さて、光源氏のこのくつろいだ装いには、重いメッセージがこめられています。

ほかの招待客が「礼装」で身をかためるなかへ、光源氏が「平服」出ていけたのは、生まれが特別だったからです。上級貴族にだけ、直衣姿での勤務が許されていたことからもわかるように、当時は「身分が高ければ高いほど、フォーマル度の低い装いがゆるされる」という原則がありました。光源氏の装いも、

あざれたるおほきみ姿=打ちとけた、いかにも皇族らしい姿

と評されていますから、生まれのよさゆえにゆるされた装いだったことはたしかです。

母親の宿敵であり、東宮の外戚として、将来、執政者となるはずの右大臣――そういう男が主宰する宴に、皇子でなければ着られないかっこうで姿を見せる。

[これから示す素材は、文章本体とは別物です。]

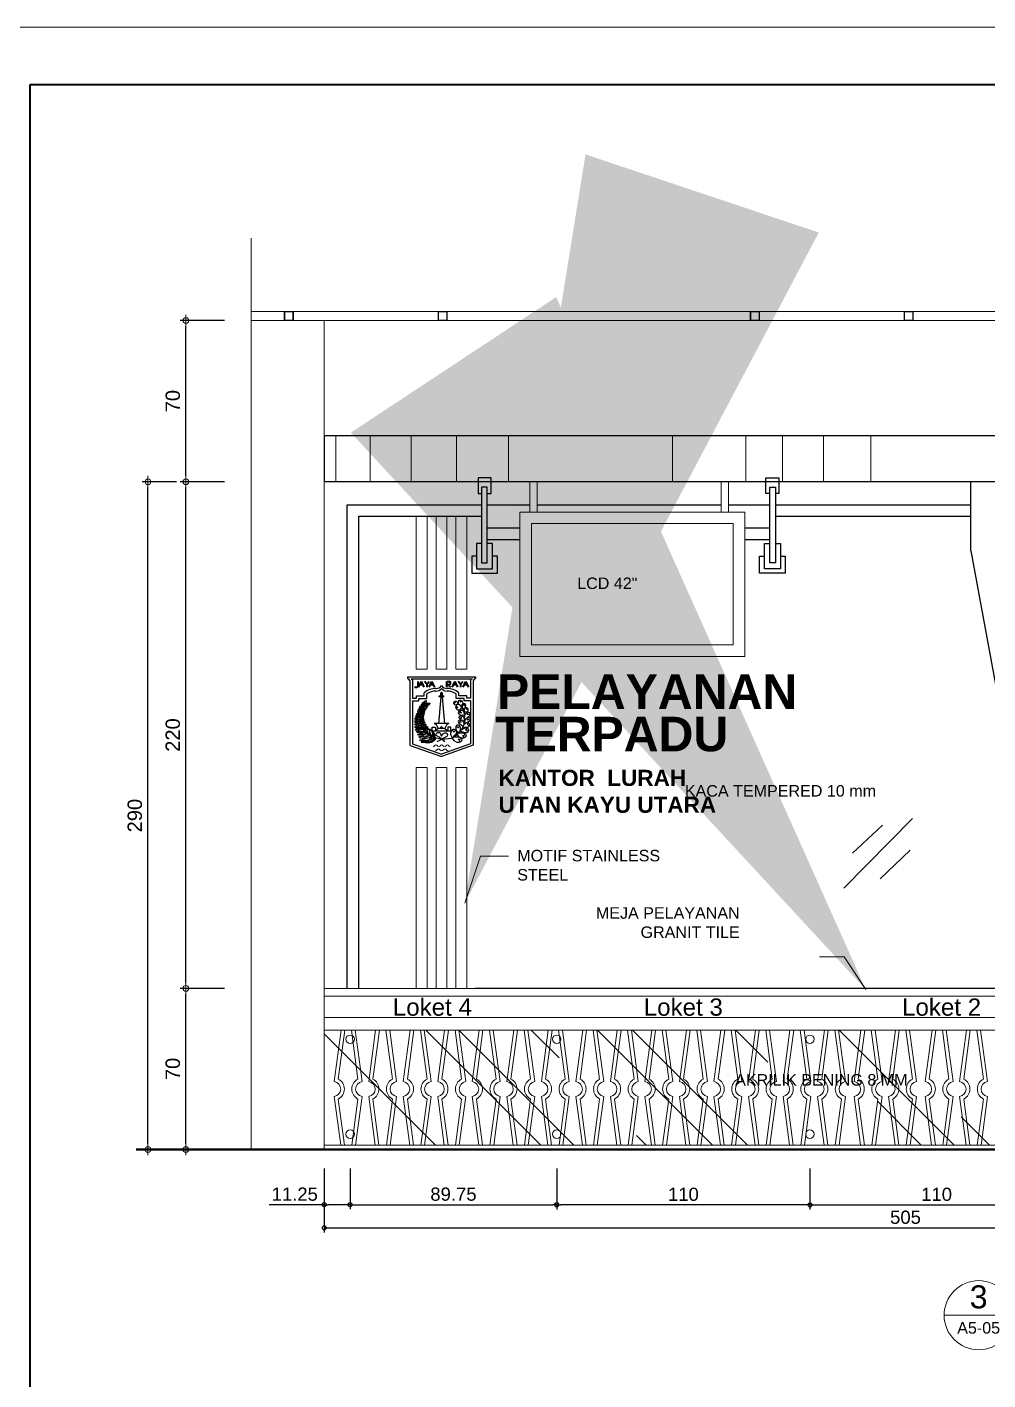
# Model space of a CAD drawing. Header units: millimetres. Extents: x -11 to 1625, y -267 to 180.
# Drawn here: x 1080.16 to 1096.86, y -70.5 to -47 of the extents above; entities that cross this region are included whole.
import ezdxf
from ezdxf.enums import TextEntityAlignment as Align

# ---------------------------------------------------------------- set-up
doc = ezdxf.new("R2010")
doc.units = ezdxf.units.MM
for name, color, linetype, lineweight in [('0.40', 6, 'Continuous', 40), ('ars', 11, 'Continuous', 5), ('ARS DIN', 31, 'Continuous', 5), ('balok', 111, 'Continuous', 35), ('DIMENSI', 8, 'Continuous', 9), ('dinding', 5, 'Continuous', 15), ('grs 2.5', 23, 'Continuous', 25), ('GRS KOP', 1, 'Continuous', 35), ('kaca', 121, 'Continuous', 0), ('kop', 7, 'Continuous', 20), ('lan', 7, 'Continuous', 15), ('not', 7, 'Continuous', 20), ('STANDART', 3, 'Continuous', 20), ('u', 6, 'Continuous', 20), ('ukuran', 6, 'Continuous', 20)]:
    doc.layers.add(name, color=color, linetype=linetype, lineweight=lineweight)
doc.layers.add('arsiran', color=51, linetype='Continuous')
doc.styles.add('aku', font='arial.ttf')
doc.styles.add('BARU', font='complex.shx')
doc.styles.get("Standard").update_dxf_attribs({"font": 'ARIALUNI.TTF'})
doc.dimstyles.new('H1.20 LAYOUT', dxfattribs={"dimtxt": 40, "dimasz": 13, "dimexe": 30, "dimexo": 0, "dimgap": 10, "dimtad": 2, "dimtih": 1, "dimtoh": 1, "dimdec": 0, "dimlfac": 0.1, "dimzin": 0, "dimdsep": 46, "dimtxsty": 'aku', "dimblk": 'DOT', "dimcen": 0.09, "dimclrd": 256, "dimclre": 256, "dimclrt": 2, "dimadec": 0, "dimazin": 0, "dimtfac": 1, "dimtdec": 0, "dimtix": 1, "dimtofl": 0, "dimtmove": 0, "dimatfit": 3, "dimfxl": 0, "dimtolj": 1, "dimtzin": 0, "dimlwd": -1, "dimlwe": 5, "dimarcsym": 0})
doc.dimstyles.new('ISO-25', dxfattribs={"dimtxt": 0.23, "dimasz": 0.07, "dimexe": 0.08, "dimexo": 0.05, "dimgap": 0.065, "dimtad": 1, "dimlfac": 100, "dimzin": 12, "dimdsep": 46, "dimtxsty": 'Standard', "dimblk": 'ORIGIN', "dimcen": 2.5, "dimdle": 1, "dimclrt": 256, "dimazin": 2, "dimtfac": 1, "dimtmove": 0, "dimatfit": 3, "dimldrblk": 'ORIGIN', "dimfxl": 0, "dimarcsym": 0})
doc.dimstyles.new('sk-100', dxfattribs={"dimtxt": 0.25, "dimasz": 0.1, "dimexe": 0.1, "dimexo": 0, "dimgap": 0.1, "dimtad": 1, "dimdec": 4, "dimlfac": 100, "dimzin": 12, "dimdsep": 46, "dimtxsty": 'Standard', "dimblk": 'BULAT', "dimcen": 0.1, "dimadec": 0, "dimazin": 3, "dimtfac": 1, "dimtdec": 4, "dimtofl": 0, "dimtmove": 0, "dimatfit": 3, "dimldrblk": 'BULAT', "dimfxl": 0, "dimtolj": 1, "dimtzin": 0, "dimarcsym": 0})

# ---------------------------------------------------------------- blocks, each defined once
blk = doc.blocks.new('kop')
at = {"layer": 'GRS KOP'}
blk.add_lwpolyline([(1, 54), (83, 54), (83, 1), (1, 1)], close=True, dxfattribs=at)
at = {"layer": 'kop', "color": 7}
blk.add_line((84, 55), (0, 55), dxfattribs=at)
at = {"layer": 'kop', "style": 'BARU', "flags": 4}
for p, height in [((73.8, 5.4), 0.35), ((80.303, 5.382), 0.25), ((73.8, 4.9), 0.35), ((80.303, 4.882), 0.25), ((73.8, 4.4), 0.35), ((80.303, 4.382), 0.25)]:
    blk.add_attdef('-', p, '', height=height, dxfattribs=at)
at = {"layer": 'kop', "flags": 4}
for tag, p in [('AR-00', (78.057, 2.648)), ('00', (81.238, 2.647))]:
    blk.add_attdef(tag, text='', height=0.35, dxfattribs=at).set_placement(p, align=Align.MIDDLE)
blk = doc.blocks.new('_Dot')
at = {"color": 0, "linetype": 'ByBlock', "lineweight": -2}
blk.add_line((-0.5, 0), (-1, 0), dxfattribs=at)
at = {"color": 0, "linetype": 'ByBlock', "const_width": 0.5}
blk.add_lwpolyline([(-0.25, 0, 1), (0.25, 0, 1)], format="xyb", close=True, dxfattribs=at)
blk = doc.blocks.new('BULAT')
for p, q in [((-1, 0), (1, 0)), ((0, -1), (0, 1))]:
    blk.add_line(p, q)
blk.add_circle((0, 0), 0.5)
blk = doc.blocks.new('*D246')
at = {"layer": 'Defpoints', "color": 0}
for p in [(1082.919, -63.698), (1083.591, -63.698), (1083.591, -66.498)]:
    blk.add_point(p, dxfattribs=at)
at = {"layer": 'ukuran', "color": 0, "lineweight": -2}
for p, q in [((1083.591, -63.698), (1082.819, -63.698)), ((1082.919, -66.398), (1082.919, -63.798)), ((1083.591, -66.498), (1082.819, -66.498))]:
    blk.add_line(p, q, dxfattribs=at)
at = {"layer": 'ukuran', "color": 0, "lineweight": -2, "xscale": 0.1, "yscale": 0.1, "zscale": 0.1}
for p, rotation in [((1082.919, -63.698), 90), ((1082.919, -66.498), 270)]:
    blk.add_blockref('BULAT', p, dxfattribs=dict(at, rotation=rotation))
at = {"layer": 'ukuran', "color": 0, "insert": (1082.692, -65.098), "char_height": 0.25, "attachment_point": 5, "rotation": 90}
blk.add_mtext('\\A1;70', dxfattribs=at)
blk = doc.blocks.new('*D247')
at = {"layer": 'Defpoints', "color": 0}
for p in [(1082.919, -54.898), (1083.591, -54.898), (1083.591, -63.698)]:
    blk.add_point(p, dxfattribs=at)
at = {"layer": 'ukuran', "color": 0, "lineweight": -2}
for p, q in [((1083.591, -54.898), (1082.819, -54.898)), ((1082.919, -63.598), (1082.919, -54.998)), ((1083.591, -63.698), (1082.819, -63.698))]:
    blk.add_line(p, q, dxfattribs=at)
at = {"layer": 'ukuran', "color": 0, "lineweight": -2, "xscale": 0.1, "yscale": 0.1, "zscale": 0.1}
for p, rotation in [((1082.919, -54.898), 90), ((1082.919, -63.698), 270)]:
    blk.add_blockref('BULAT', p, dxfattribs=dict(at, rotation=rotation))
at = {"layer": 'ukuran', "color": 0, "insert": (1082.692, -59.298), "char_height": 0.25, "attachment_point": 5, "rotation": 90}
blk.add_mtext('\\A1;220', dxfattribs=at)
blk = doc.blocks.new('*D248')
at = {"layer": 'Defpoints', "color": 0}
for p in [(1082.919, -52.098), (1083.591, -52.098), (1083.591, -54.898)]:
    blk.add_point(p, dxfattribs=at)
at = {"layer": 'ukuran', "color": 0, "lineweight": -2}
for p, q in [((1083.591, -52.098), (1082.819, -52.098)), ((1082.919, -54.798), (1082.919, -52.198)), ((1083.591, -54.898), (1082.819, -54.898))]:
    blk.add_line(p, q, dxfattribs=at)
at = {"layer": 'ukuran', "color": 0, "lineweight": -2, "xscale": 0.1, "yscale": 0.1, "zscale": 0.1}
for p, rotation in [((1082.919, -52.098), 90), ((1082.919, -54.898), 270)]:
    blk.add_blockref('BULAT', p, dxfattribs=dict(at, rotation=rotation))
at = {"layer": 'ukuran', "color": 0, "insert": (1082.692, -53.498), "char_height": 0.25, "attachment_point": 5, "rotation": 90}
blk.add_mtext('\\A1;70', dxfattribs=at)
blk = doc.blocks.new('*D249')
at = {"layer": 'Defpoints', "color": 0}
for p in [(1082.26, -54.898), (1082.758, -54.898), (1082.758, -66.498)]:
    blk.add_point(p, dxfattribs=at)
at = {"layer": 'ukuran', "color": 0, "lineweight": -2}
for p, q in [((1082.758, -54.898), (1082.16, -54.898)), ((1082.26, -66.398), (1082.26, -54.998)), ((1082.758, -66.498), (1082.16, -66.498))]:
    blk.add_line(p, q, dxfattribs=at)
at = {"layer": 'ukuran', "color": 0, "lineweight": -2, "xscale": 0.1, "yscale": 0.1, "zscale": 0.1}
for p, rotation in [((1082.26, -54.898), 90), ((1082.26, -66.498), 270)]:
    blk.add_blockref('BULAT', p, dxfattribs=dict(at, rotation=rotation))
at = {"layer": 'ukuran', "color": 0, "insert": (1082.032, -60.698), "char_height": 0.25, "attachment_point": 5, "rotation": 90}
blk.add_mtext('\\A1;290', dxfattribs=at)
blk = doc.blocks.new('Ndtpd')
blk.add_line((0.747, 0), (-0.747, 0))
blk.add_circle((0, 0), 0.747)
at = {"flags": 4}
for tag, height, p in [('NO', 0.5, (0, 0.148)), ('NOLBR', 0.3, (0, -0.398))]:
    blk.add_attdef(tag, text='', height=height, dxfattribs=at).set_placement(p, align=Align.CENTER)
for tag, p, height in [('NDTPD', (1.516, 0.148), 0.5), ('SKALA', (1.523, -0.398), 0.3)]:
    blk.add_attdef(tag, p, '', height=height, dxfattribs=at)
blk = doc.blocks.new('_Origin')
at = {"color": 0, "linetype": 'ByBlock', "lineweight": -2}
blk.add_line((0, 0), (-1, 0), dxfattribs=at)
blk.add_circle((0, 0), 0.5, dxfattribs=at)
blk = doc.blocks.new('*D253')
at = {"layer": 'Defpoints', "color": 0, "ltscale": 0.15}
for p in [(1093.763, -66.775), (1098.163, -66.775), (1098.163, -67.459)]:
    blk.add_point(p, dxfattribs=at)
at = {"layer": 'u', "color": 0, "lineweight": -2, "ltscale": 0.15}
for p, q in [((1093.763, -66.825), (1093.763, -67.539)), ((1098.163, -66.825), (1098.163, -67.539)), ((1093.833, -67.459), (1098.093, -67.459))]:
    blk.add_line(p, q, dxfattribs=at)
at = {"layer": 'u', "color": 0, "lineweight": -2, "ltscale": 0.15, "xscale": 0.07, "yscale": 0.07, "zscale": 0.07, "rotation": 180}
blk.add_blockref('_Origin', (1093.763, -67.459), dxfattribs=at)
at = {"layer": 'u', "color": 0, "lineweight": -2, "ltscale": 0.15, "xscale": 0.07, "yscale": 0.07, "zscale": 0.07}
blk.add_blockref('_Origin', (1098.163, -67.459), dxfattribs=at)
at = {"layer": 'u', "ltscale": 0.15, "insert": (1095.963, -67.277), "char_height": 0.23, "attachment_point": 5}
blk.add_mtext('110', dxfattribs=at)
blk = doc.blocks.new('*D256')
at = {"layer": 'Defpoints', "color": 0, "ltscale": 0.15}
for p in [(1089.363, -66.821), (1093.763, -66.775), (1089.363, -67.459)]:
    blk.add_point(p, dxfattribs=at)
at = {"layer": 'u', "color": 0, "lineweight": -2, "ltscale": 0.15}
for p, q in [((1089.363, -66.871), (1089.363, -67.539)), ((1093.763, -66.825), (1093.763, -67.539)), ((1093.693, -67.459), (1089.433, -67.459))]:
    blk.add_line(p, q, dxfattribs=at)
at = {"layer": 'u', "color": 0, "lineweight": -2, "ltscale": 0.15, "xscale": 0.07, "yscale": 0.07, "zscale": 0.07, "rotation": 180}
blk.add_blockref('_Origin', (1089.363, -67.459), dxfattribs=at)
at = {"layer": 'u', "color": 0, "lineweight": -2, "ltscale": 0.15, "xscale": 0.07, "yscale": 0.07, "zscale": 0.07}
blk.add_blockref('_Origin', (1093.763, -67.459), dxfattribs=at)
at = {"layer": 'u', "ltscale": 0.15, "insert": (1091.563, -67.277), "char_height": 0.23, "attachment_point": 5}
blk.add_mtext('110', dxfattribs=at)
blk = doc.blocks.new('RL1')
at = {"layer": 'ars', "ltscale": 0.15}
for points in [[(0.011, 3.08), (-0.174, 1.698)], [(0.112, 3.08), (-0.063, 1.767)], [(0.288, 3.08), (0.463, 1.767)], [(0.389, 3.08), (0.574, 1.698)], [(0, 0), (-0.174, 1.302)], [(0.101, 0), (-0.063, 1.233)], [(0.299, 0), (0.463, 1.233)], [(0.4, 0), (0.574, 1.302)]]:
    blk.add_lwpolyline(points, dxfattribs=at)
for centre, radius, start, end in [((-0.2, 1.5), 0.2, 277.5946, 82.4054), ((-0.2, 1.5), 0.3, 297.0659, 62.9341), ((0.6, 1.5), 0.3, 117.0659, 242.9341), ((0.6, 1.5), 0.2, 97.5946, 262.4054)]:
    blk.add_arc(centre, radius, start, end, dxfattribs=at)
blk = doc.blocks.new('*D258')
at = {"layer": 'Defpoints', "color": 0, "ltscale": 0.15}
for p in [(1085.772, -66.775), (1089.363, -66.775), (1089.363, -67.456)]:
    blk.add_point(p, dxfattribs=at)
at = {"layer": 'u', "color": 0, "lineweight": -2, "ltscale": 0.15}
for p, q in [((1085.772, -66.825), (1085.772, -67.536)), ((1089.363, -66.825), (1089.363, -67.536)), ((1085.842, -67.456), (1089.293, -67.456))]:
    blk.add_line(p, q, dxfattribs=at)
at = {"layer": 'u', "color": 0, "lineweight": -2, "ltscale": 0.15, "xscale": 0.07, "yscale": 0.07, "zscale": 0.07, "rotation": 180}
blk.add_blockref('_Origin', (1085.772, -67.456), dxfattribs=at)
at = {"layer": 'u', "color": 0, "lineweight": -2, "ltscale": 0.15, "xscale": 0.07, "yscale": 0.07, "zscale": 0.07}
blk.add_blockref('_Origin', (1089.363, -67.456), dxfattribs=at)
at = {"layer": 'u', "ltscale": 0.15, "insert": (1087.568, -67.274), "char_height": 0.23, "attachment_point": 5}
blk.add_mtext('89.75', dxfattribs=at)
blk = doc.blocks.new('*D262')
at = {"layer": 'Defpoints', "color": 0, "ltscale": 0.15}
for p in [(1085.322, -66.775), (1085.772, -66.775), (1085.322, -67.456)]:
    blk.add_point(p, dxfattribs=at)
at = {"layer": 'u', "color": 0, "lineweight": -2, "ltscale": 0.15}
for p, q in [((1085.322, -66.825), (1085.322, -67.536)), ((1085.772, -66.825), (1085.772, -67.536)), ((1085.322, -67.456), (1084.367, -67.456)), ((1085.702, -67.456), (1085.392, -67.456))]:
    blk.add_line(p, q, dxfattribs=at)
at = {"layer": 'u', "color": 0, "lineweight": -2, "ltscale": 0.15, "xscale": 0.07, "yscale": 0.07, "zscale": 0.07, "rotation": 180}
blk.add_blockref('_Origin', (1085.322, -67.456), dxfattribs=at)
at = {"layer": 'u', "color": 0, "lineweight": -2, "ltscale": 0.15, "xscale": 0.07, "yscale": 0.07, "zscale": 0.07}
blk.add_blockref('_Origin', (1085.772, -67.456), dxfattribs=at)
at = {"layer": 'u', "ltscale": 0.15, "insert": (1084.81, -67.274), "char_height": 0.23, "attachment_point": 5}
blk.add_mtext('11.25', dxfattribs=at)
blk = doc.blocks.new('*D263')
at = {"layer": 'Defpoints', "color": 0, "ltscale": 0.15}
for p in [(1085.322, -66.775), (1105.523, -66.775), (1105.523, -67.858)]:
    blk.add_point(p, dxfattribs=at)
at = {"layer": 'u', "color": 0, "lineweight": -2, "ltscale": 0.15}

「いくら権勢を誇っても、おまえはしょせん、生まれついての臣下に過ぎない。じぶんに流れる帝王の血は、おまえにはけっして手に入らない」

そんな主張を、光源氏は服装に託したのです。遅れて宴席に登場したのも、右大臣への挑発にほかなりません。

成りあがり者は、フォーマルな場に出ていくとき、どうしてもがんばりすぎてしまいます。たとえば、タキシードの着用がマストである宴席に、

「見るからに高級そうな生地でつくった一着」

を、新調して出かけたりするのです。

けれどもそういう席に、イギリスの旧家の当主、というような人は、ズボンの折り目がとれかけていたり、シミのひとつもついていたりするタキシードで出ていきます。彼らのタキシードの着こなしは、あまりお洒落でない日本のおじさんの、通勤スーツの着こなしに近いのです。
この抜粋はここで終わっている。